• **Assignment**
Take each line from the material below that includes the string "update" and copy it.

┄┄┄┄┄┄

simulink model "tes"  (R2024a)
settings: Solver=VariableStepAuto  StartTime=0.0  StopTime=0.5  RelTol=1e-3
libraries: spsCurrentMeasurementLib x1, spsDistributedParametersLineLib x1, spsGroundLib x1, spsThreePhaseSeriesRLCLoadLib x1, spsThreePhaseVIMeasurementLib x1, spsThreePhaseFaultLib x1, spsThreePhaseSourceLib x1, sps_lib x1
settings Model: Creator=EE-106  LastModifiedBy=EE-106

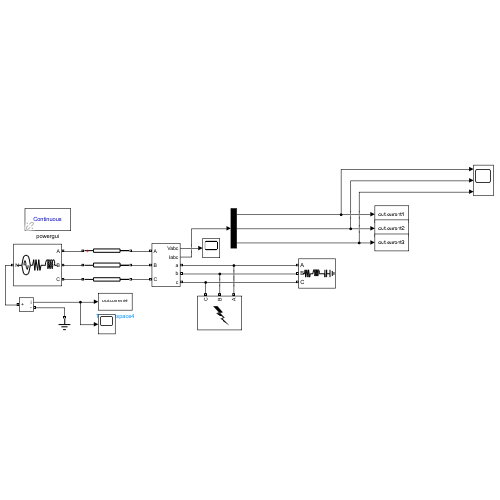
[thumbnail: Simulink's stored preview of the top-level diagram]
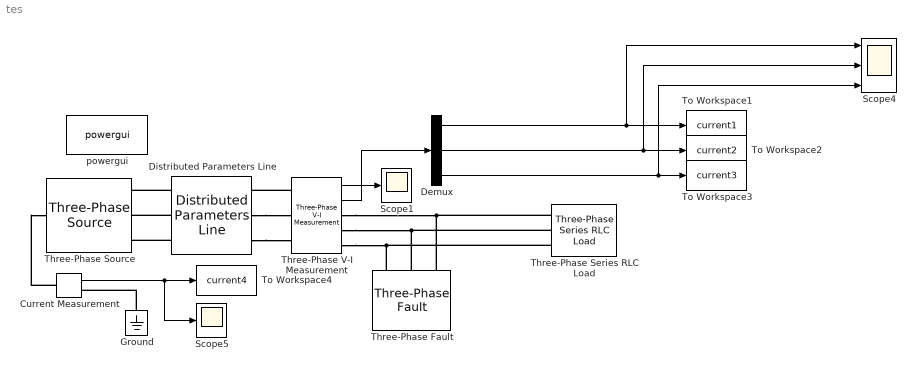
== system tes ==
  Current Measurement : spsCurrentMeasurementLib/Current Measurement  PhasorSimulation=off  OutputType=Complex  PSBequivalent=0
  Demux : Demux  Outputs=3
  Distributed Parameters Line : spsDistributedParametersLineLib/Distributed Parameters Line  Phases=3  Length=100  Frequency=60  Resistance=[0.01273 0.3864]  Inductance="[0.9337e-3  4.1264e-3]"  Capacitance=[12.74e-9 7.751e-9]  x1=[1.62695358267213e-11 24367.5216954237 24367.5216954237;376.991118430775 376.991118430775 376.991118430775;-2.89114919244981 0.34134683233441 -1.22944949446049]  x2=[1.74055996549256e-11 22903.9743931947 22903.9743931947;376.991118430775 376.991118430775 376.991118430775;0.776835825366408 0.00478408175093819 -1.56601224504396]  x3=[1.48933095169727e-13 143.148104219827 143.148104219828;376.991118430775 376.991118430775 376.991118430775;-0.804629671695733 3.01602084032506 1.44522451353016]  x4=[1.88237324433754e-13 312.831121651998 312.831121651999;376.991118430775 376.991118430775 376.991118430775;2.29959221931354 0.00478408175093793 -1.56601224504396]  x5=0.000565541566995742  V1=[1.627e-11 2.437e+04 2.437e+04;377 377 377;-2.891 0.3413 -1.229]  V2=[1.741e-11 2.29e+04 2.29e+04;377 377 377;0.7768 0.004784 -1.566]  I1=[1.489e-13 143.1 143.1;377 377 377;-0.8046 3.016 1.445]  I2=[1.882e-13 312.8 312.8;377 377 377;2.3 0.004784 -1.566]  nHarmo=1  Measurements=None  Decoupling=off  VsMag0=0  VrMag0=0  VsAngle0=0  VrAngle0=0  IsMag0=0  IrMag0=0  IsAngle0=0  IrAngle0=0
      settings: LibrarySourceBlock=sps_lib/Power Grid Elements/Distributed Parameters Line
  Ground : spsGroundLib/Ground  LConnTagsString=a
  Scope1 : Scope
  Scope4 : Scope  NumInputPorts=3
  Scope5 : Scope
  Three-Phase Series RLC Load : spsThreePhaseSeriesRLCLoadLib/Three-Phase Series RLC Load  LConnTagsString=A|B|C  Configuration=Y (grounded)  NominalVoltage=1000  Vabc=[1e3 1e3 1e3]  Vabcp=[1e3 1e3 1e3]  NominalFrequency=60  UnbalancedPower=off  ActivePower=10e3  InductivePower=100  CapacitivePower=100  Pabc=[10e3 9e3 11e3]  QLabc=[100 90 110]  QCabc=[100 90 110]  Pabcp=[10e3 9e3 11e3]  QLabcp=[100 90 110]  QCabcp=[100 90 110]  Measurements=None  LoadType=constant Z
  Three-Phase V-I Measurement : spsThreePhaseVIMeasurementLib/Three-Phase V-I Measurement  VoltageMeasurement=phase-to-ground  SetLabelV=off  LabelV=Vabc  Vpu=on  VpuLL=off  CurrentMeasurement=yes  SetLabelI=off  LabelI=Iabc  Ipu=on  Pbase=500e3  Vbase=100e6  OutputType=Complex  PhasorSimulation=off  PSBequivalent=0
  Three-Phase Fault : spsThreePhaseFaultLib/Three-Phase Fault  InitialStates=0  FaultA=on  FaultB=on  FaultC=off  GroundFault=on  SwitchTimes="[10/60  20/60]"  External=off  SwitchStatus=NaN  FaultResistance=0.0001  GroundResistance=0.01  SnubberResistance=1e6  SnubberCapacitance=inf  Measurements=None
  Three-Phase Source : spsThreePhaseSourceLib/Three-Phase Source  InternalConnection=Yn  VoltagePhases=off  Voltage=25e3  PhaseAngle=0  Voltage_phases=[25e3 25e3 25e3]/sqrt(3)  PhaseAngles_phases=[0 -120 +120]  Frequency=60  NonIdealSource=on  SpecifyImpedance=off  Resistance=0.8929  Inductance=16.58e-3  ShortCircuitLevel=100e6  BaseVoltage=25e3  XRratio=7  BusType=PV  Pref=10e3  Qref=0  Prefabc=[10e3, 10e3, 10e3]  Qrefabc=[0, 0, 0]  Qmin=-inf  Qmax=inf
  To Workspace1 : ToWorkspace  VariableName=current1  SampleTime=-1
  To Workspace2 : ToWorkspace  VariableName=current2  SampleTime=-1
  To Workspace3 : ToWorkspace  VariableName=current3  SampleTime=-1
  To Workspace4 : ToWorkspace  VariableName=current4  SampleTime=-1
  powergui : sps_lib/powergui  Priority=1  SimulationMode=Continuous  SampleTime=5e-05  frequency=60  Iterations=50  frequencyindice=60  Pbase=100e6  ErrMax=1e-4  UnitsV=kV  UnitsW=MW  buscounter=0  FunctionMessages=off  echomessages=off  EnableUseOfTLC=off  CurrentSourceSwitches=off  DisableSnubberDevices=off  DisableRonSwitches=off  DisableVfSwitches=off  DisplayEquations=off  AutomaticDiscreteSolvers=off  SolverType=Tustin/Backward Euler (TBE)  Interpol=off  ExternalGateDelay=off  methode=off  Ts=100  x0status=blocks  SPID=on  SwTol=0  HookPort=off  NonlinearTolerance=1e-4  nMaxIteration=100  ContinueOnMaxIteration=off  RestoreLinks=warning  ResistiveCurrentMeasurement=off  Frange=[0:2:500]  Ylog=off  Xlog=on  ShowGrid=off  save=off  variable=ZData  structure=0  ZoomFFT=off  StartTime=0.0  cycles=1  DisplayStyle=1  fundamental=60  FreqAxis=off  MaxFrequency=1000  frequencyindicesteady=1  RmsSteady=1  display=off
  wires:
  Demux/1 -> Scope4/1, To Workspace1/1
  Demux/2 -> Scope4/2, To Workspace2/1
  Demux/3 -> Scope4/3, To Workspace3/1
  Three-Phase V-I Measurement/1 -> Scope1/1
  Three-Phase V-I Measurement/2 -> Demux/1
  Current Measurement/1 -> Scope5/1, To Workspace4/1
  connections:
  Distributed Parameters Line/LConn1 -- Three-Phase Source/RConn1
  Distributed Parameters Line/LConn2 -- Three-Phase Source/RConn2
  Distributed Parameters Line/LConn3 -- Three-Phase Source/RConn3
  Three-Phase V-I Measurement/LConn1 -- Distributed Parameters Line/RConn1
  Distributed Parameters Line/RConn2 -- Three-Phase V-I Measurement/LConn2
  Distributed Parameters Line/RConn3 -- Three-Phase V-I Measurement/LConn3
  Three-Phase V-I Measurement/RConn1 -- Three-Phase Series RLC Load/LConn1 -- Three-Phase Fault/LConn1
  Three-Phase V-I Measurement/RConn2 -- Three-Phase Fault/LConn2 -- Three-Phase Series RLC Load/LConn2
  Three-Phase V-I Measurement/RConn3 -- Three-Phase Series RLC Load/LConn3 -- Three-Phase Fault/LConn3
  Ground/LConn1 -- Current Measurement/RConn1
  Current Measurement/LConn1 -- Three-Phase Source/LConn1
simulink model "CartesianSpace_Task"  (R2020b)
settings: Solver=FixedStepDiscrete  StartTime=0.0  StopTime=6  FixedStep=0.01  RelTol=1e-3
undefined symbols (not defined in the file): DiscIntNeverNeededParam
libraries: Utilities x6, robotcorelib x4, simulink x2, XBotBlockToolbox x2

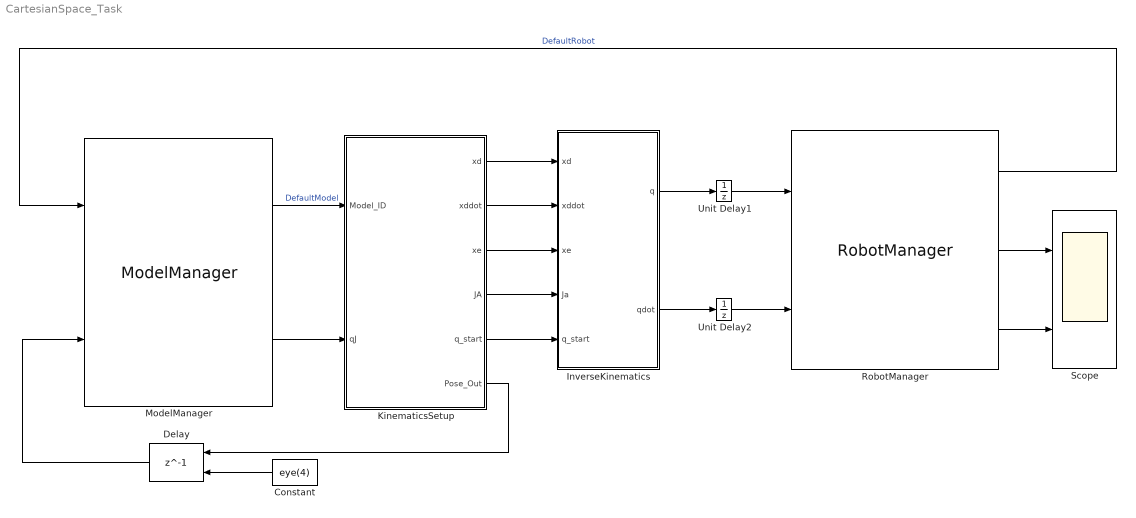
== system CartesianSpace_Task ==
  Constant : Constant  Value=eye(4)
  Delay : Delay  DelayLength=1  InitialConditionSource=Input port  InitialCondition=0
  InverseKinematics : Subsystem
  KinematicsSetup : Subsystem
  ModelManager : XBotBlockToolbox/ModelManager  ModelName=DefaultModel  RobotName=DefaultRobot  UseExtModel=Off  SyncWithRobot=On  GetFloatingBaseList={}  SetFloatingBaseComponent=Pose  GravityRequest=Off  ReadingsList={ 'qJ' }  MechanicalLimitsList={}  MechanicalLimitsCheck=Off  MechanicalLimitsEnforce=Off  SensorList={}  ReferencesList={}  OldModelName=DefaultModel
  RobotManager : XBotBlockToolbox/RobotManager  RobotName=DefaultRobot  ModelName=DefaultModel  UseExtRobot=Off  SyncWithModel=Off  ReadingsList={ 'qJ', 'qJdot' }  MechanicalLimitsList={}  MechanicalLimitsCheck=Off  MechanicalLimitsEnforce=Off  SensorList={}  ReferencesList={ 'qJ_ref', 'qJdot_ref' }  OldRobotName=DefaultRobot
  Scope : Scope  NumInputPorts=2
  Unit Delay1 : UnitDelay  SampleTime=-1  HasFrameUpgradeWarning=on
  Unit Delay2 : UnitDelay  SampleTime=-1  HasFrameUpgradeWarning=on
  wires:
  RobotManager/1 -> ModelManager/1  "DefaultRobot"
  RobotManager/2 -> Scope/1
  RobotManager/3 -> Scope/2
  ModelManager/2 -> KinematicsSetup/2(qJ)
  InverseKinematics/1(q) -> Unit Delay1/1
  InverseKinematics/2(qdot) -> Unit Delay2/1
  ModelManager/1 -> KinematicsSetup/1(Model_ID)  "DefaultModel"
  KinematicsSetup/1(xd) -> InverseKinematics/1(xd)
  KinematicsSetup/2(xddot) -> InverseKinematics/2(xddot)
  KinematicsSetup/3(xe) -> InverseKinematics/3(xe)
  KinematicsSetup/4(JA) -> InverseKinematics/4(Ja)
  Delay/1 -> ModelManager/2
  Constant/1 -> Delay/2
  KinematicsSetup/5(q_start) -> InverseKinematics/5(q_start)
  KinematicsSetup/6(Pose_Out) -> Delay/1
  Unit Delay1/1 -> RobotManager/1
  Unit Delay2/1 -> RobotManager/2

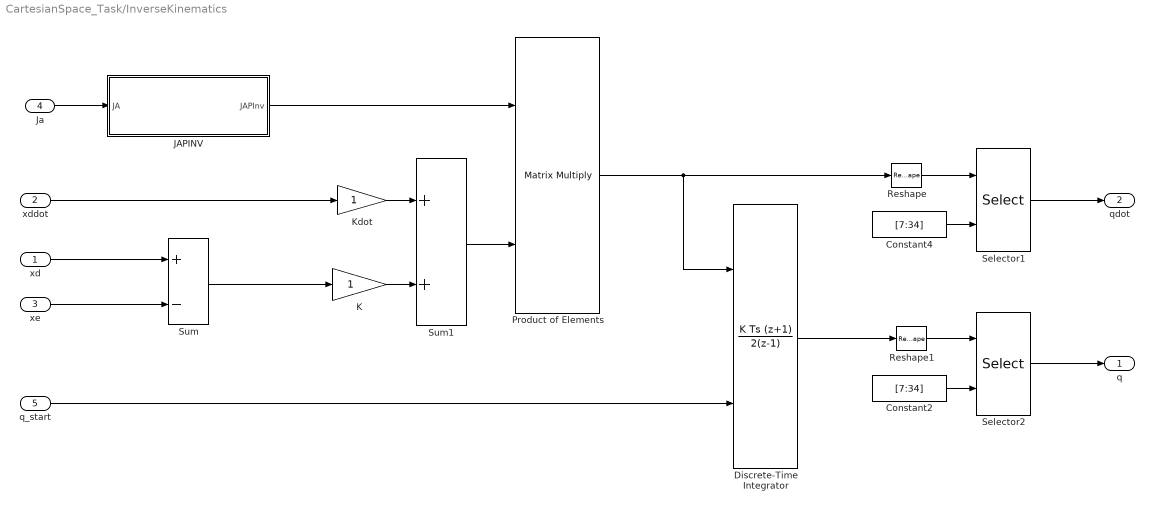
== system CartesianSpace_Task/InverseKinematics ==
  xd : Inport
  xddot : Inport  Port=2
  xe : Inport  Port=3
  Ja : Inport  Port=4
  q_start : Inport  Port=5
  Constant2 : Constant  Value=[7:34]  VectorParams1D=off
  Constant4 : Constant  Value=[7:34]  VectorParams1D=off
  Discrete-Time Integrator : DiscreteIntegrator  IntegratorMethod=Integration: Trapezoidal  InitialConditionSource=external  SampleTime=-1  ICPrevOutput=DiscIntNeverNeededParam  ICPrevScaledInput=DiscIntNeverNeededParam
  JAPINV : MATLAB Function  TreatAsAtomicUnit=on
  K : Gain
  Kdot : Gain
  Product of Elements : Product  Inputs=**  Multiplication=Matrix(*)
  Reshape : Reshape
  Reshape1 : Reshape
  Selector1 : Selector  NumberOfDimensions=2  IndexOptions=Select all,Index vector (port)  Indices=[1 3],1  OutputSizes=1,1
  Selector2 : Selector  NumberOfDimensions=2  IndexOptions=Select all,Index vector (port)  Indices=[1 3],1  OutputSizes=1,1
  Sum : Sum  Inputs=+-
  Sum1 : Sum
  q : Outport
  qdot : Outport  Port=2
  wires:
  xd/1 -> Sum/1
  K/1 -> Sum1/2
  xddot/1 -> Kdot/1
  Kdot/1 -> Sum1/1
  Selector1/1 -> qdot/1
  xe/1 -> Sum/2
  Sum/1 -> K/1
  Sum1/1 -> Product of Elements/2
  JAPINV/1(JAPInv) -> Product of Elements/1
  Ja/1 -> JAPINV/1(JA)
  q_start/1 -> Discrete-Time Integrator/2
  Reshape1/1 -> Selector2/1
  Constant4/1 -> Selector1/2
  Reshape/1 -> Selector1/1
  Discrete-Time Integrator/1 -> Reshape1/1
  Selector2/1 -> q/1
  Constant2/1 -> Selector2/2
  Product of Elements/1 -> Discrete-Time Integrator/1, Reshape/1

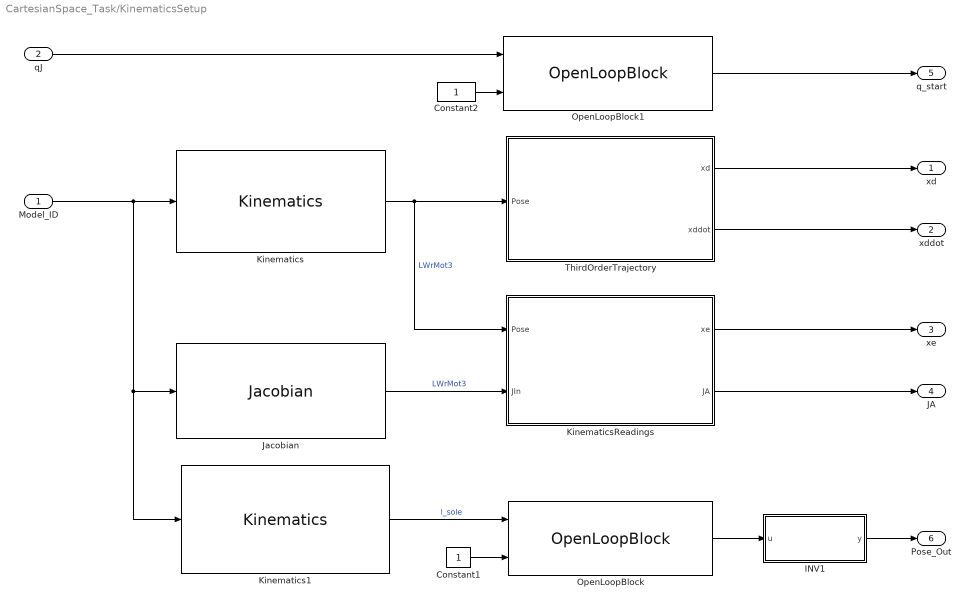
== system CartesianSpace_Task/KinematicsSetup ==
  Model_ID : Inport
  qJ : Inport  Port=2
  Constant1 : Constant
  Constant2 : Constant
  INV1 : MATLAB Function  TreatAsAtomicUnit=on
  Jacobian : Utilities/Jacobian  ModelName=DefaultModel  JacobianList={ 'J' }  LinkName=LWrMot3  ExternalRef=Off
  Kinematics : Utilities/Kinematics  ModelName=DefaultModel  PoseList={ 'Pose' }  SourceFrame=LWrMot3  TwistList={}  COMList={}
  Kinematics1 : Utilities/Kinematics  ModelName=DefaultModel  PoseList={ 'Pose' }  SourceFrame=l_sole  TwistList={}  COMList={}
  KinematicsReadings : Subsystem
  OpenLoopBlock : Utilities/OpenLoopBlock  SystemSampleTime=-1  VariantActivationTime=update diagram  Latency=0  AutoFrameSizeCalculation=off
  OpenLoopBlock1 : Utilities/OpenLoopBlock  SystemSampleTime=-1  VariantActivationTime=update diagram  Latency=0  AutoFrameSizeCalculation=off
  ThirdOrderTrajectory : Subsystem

┄┄┄┄┄┄

• **Result of this exercise**
  OpenLoopBlock : Utilities/OpenLoopBlock  SystemSampleTime=-1  VariantActivationTime=update diagram  Latency=0  AutoFrameSizeCalculation=off
  OpenLoopBlock1 : Utilities/OpenLoopBlock  SystemSampleTime=-1  VariantActivationTime=update diagram  Latency=0  AutoFrameSizeCalculation=off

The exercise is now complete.